## YOUR INSTRUCTIONS
Without including any picture, write out the entries exactly as they stand.

Collection entries:
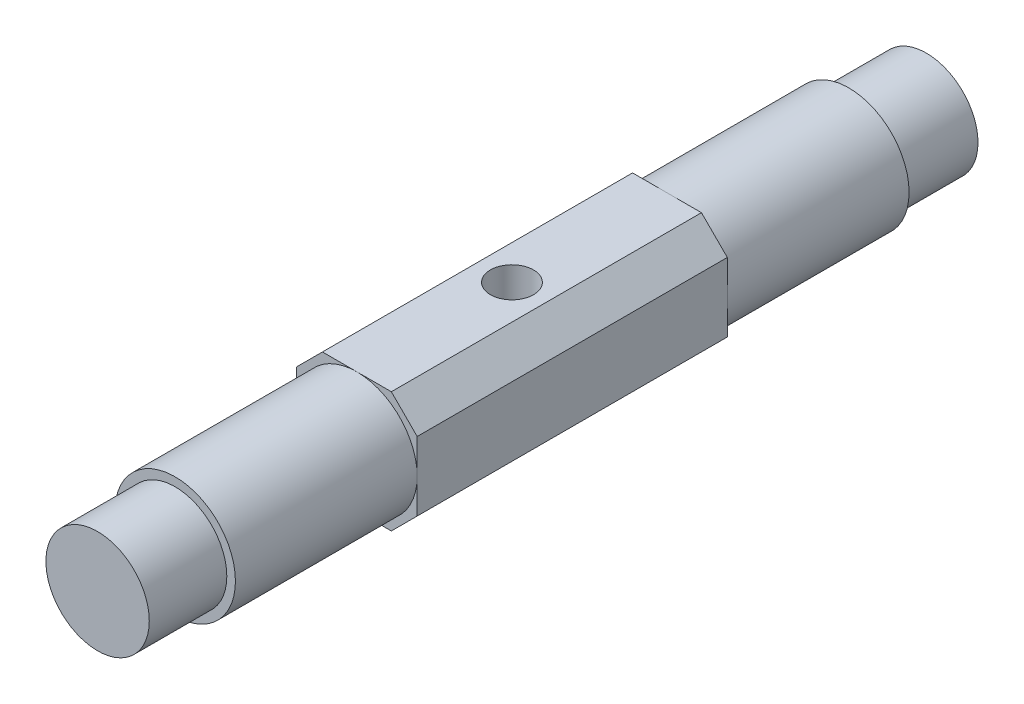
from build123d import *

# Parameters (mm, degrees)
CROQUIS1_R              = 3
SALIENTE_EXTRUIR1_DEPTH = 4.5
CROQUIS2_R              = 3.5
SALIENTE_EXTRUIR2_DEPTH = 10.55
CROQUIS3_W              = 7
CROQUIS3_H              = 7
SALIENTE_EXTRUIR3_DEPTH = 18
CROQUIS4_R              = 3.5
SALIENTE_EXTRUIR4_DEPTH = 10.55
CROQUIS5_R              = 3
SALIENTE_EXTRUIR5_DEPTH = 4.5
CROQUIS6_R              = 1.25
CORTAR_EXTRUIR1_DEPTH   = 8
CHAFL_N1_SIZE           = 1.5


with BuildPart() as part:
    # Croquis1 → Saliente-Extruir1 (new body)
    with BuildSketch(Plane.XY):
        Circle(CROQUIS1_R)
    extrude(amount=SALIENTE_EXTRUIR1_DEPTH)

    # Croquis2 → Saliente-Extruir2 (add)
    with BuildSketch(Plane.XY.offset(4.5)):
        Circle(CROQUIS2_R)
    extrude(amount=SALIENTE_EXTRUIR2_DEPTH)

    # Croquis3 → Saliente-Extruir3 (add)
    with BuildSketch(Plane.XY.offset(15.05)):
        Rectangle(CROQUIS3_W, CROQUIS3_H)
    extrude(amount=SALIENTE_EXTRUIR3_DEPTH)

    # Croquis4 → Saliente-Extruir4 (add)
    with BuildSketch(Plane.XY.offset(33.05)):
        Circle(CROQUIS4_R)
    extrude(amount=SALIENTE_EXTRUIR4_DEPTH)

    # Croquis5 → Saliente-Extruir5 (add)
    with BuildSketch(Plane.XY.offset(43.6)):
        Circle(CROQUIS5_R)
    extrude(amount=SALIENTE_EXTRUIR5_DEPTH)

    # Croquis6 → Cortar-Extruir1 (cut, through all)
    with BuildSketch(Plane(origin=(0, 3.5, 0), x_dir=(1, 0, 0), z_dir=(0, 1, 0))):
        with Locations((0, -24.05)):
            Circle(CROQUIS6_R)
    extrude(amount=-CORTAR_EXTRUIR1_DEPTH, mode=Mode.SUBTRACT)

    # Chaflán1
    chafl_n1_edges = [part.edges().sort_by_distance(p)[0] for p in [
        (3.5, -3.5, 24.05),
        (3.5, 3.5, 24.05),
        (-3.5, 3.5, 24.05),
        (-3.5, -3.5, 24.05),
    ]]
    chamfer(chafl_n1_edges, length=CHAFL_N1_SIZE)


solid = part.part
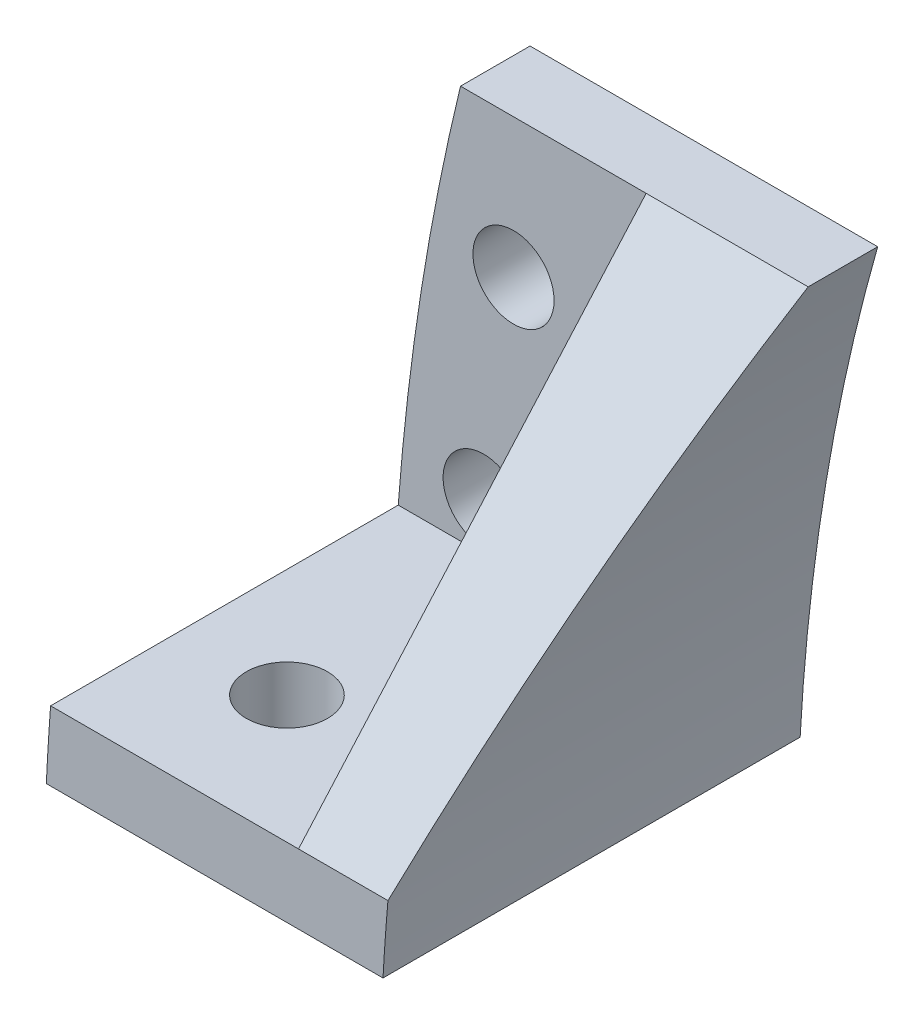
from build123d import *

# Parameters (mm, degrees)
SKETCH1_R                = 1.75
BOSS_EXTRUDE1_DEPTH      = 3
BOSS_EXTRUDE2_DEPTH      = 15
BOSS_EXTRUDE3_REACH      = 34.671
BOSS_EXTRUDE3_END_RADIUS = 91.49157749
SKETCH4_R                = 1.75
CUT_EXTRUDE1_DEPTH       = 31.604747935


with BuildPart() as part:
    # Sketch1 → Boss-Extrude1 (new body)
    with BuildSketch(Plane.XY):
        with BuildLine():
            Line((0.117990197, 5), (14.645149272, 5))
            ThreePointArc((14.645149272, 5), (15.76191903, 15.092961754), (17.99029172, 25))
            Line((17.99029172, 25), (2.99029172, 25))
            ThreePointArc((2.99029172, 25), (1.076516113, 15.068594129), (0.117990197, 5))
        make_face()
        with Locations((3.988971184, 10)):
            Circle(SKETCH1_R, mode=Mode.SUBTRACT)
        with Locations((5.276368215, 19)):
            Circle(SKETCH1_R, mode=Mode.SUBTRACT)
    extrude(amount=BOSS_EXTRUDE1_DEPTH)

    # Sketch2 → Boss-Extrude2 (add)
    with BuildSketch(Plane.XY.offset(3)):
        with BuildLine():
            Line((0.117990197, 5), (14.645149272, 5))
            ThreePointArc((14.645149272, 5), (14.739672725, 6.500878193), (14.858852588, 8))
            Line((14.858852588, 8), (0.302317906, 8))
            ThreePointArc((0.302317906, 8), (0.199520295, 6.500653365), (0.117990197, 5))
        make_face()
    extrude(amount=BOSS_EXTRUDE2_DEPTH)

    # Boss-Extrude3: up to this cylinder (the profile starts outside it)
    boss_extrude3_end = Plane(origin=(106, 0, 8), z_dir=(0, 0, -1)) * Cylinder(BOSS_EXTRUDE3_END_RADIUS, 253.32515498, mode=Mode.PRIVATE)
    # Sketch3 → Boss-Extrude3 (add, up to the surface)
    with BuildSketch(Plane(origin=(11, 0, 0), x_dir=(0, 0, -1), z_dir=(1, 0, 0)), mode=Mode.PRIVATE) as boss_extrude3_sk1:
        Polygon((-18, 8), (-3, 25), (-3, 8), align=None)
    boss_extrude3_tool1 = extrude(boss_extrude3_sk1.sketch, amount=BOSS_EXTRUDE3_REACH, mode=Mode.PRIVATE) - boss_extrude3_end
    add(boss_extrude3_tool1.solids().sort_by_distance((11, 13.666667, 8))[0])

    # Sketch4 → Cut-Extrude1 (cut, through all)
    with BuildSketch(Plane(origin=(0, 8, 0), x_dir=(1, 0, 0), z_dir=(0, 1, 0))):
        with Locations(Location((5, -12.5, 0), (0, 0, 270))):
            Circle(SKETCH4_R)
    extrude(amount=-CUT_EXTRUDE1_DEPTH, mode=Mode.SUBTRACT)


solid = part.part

## RESPONSE BOX
from build123d import *

# Parameters (mm, degrees)
CROQUIS1_R              = 3
SALIENTE_EXTRUIR1_DEPTH = 4.5
CROQUIS2_R              = 3.5
SALIENTE_EXTRUIR2_DEPTH = 10.55
CROQUIS3_W              = 7
CROQUIS3_H              = 7
SALIENTE_EXTRUIR3_DEPTH = 18
CROQUIS4_R              = 3.5
SALIENTE_EXTRUIR4_DEPTH = 10.55
CROQUIS5_R              = 3
SALIENTE_EXTRUIR5_DEPTH = 4.5
CROQUIS6_R              = 1.25
CORTAR_EXTRUIR1_DEPTH   = 8
CHAFL_N1_SIZE           = 1.5


with BuildPart() as part:
    # Croquis1 → Saliente-Extruir1 (new body)
    with BuildSketch(Plane.XY):
        Circle(CROQUIS1_R)
    extrude(amount=SALIENTE_EXTRUIR1_DEPTH)

    # Croquis2 → Saliente-Extruir2 (add)
    with BuildSketch(Plane.XY.offset(4.5)):
        Circle(CROQUIS2_R)
    extrude(amount=SALIENTE_EXTRUIR2_DEPTH)

    # Croquis3 → Saliente-Extruir3 (add)
    with BuildSketch(Plane.XY.offset(15.05)):
        Rectangle(CROQUIS3_W, CROQUIS3_H)
    extrude(amount=SALIENTE_EXTRUIR3_DEPTH)

    # Croquis4 → Saliente-Extruir4 (add)
    with BuildSketch(Plane.XY.offset(33.05)):
        Circle(CROQUIS4_R)
    extrude(amount=SALIENTE_EXTRUIR4_DEPTH)

    # Croquis5 → Saliente-Extruir5 (add)
    with BuildSketch(Plane.XY.offset(43.6)):
        Circle(CROQUIS5_R)
    extrude(amount=SALIENTE_EXTRUIR5_DEPTH)

    # Croquis6 → Cortar-Extruir1 (cut, through all)
    with BuildSketch(Plane(origin=(0, 3.5, 0), x_dir=(1, 0, 0), z_dir=(0, 1, 0))):
        with Locations((0, -24.05)):
            Circle(CROQUIS6_R)
    extrude(amount=-CORTAR_EXTRUIR1_DEPTH, mode=Mode.SUBTRACT)

    # Chaflán1
    chafl_n1_edges = [part.edges().sort_by_distance(p)[0] for p in [
        (3.5, -3.5, 24.05),
        (3.5, 3.5, 24.05),
        (-3.5, 3.5, 24.05),
        (-3.5, -3.5, 24.05),
    ]]
    chamfer(chafl_n1_edges, length=CHAFL_N1_SIZE)


solid = part.part
from build123d import *

# Parameters (mm, degrees)
SKETCH1_R                = 1.75
BOSS_EXTRUDE1_DEPTH      = 3
BOSS_EXTRUDE2_DEPTH      = 15
BOSS_EXTRUDE3_REACH      = 34.671
BOSS_EXTRUDE3_END_RADIUS = 91.49157749
SKETCH4_R                = 1.75
CUT_EXTRUDE1_DEPTH       = 31.604747935


with BuildPart() as part:
    # Sketch1 → Boss-Extrude1 (new body)
    with BuildSketch(Plane.XY):
        with BuildLine():
            Line((0.117990197, 5), (14.645149272, 5))
            ThreePointArc((14.645149272, 5), (15.76191903, 15.092961754), (17.99029172, 25))
            Line((17.99029172, 25), (2.99029172, 25))
            ThreePointArc((2.99029172, 25), (1.076516113, 15.068594129), (0.117990197, 5))
        make_face()
        with Locations((3.988971184, 10)):
            Circle(SKETCH1_R, mode=Mode.SUBTRACT)
        with Locations((5.276368215, 19)):
            Circle(SKETCH1_R, mode=Mode.SUBTRACT)
    extrude(amount=BOSS_EXTRUDE1_DEPTH)

    # Sketch2 → Boss-Extrude2 (add)
    with BuildSketch(Plane.XY.offset(3)):
        with BuildLine():
            Line((0.117990197, 5), (14.645149272, 5))
            ThreePointArc((14.645149272, 5), (14.739672725, 6.500878193), (14.858852588, 8))
            Line((14.858852588, 8), (0.302317906, 8))
            ThreePointArc((0.302317906, 8), (0.199520295, 6.500653365), (0.117990197, 5))
        make_face()
    extrude(amount=BOSS_EXTRUDE2_DEPTH)

    # Boss-Extrude3: up to this cylinder (the profile starts outside it)
    boss_extrude3_end = Plane(origin=(106, 0, 8), z_dir=(0, 0, -1)) * Cylinder(BOSS_EXTRUDE3_END_RADIUS, 253.32515498, mode=Mode.PRIVATE)
    # Sketch3 → Boss-Extrude3 (add, up to the surface)
    with BuildSketch(Plane(origin=(11, 0, 0), x_dir=(0, 0, -1), z_dir=(1, 0, 0)), mode=Mode.PRIVATE) as boss_extrude3_sk1:
        Polygon((-18, 8), (-3, 25), (-3, 8), align=None)
    boss_extrude3_tool1 = extrude(boss_extrude3_sk1.sketch, amount=BOSS_EXTRUDE3_REACH, mode=Mode.PRIVATE) - boss_extrude3_end
    add(boss_extrude3_tool1.solids().sort_by_distance((11, 13.666667, 8))[0])

    # Sketch4 → Cut-Extrude1 (cut, through all)
    with BuildSketch(Plane(origin=(0, 8, 0), x_dir=(1, 0, 0), z_dir=(0, 1, 0))):
        with Locations(Location((5, -12.5, 0), (0, 0, 270))):
            Circle(SKETCH4_R)
    extrude(amount=-CUT_EXTRUDE1_DEPTH, mode=Mode.SUBTRACT)


solid = part.part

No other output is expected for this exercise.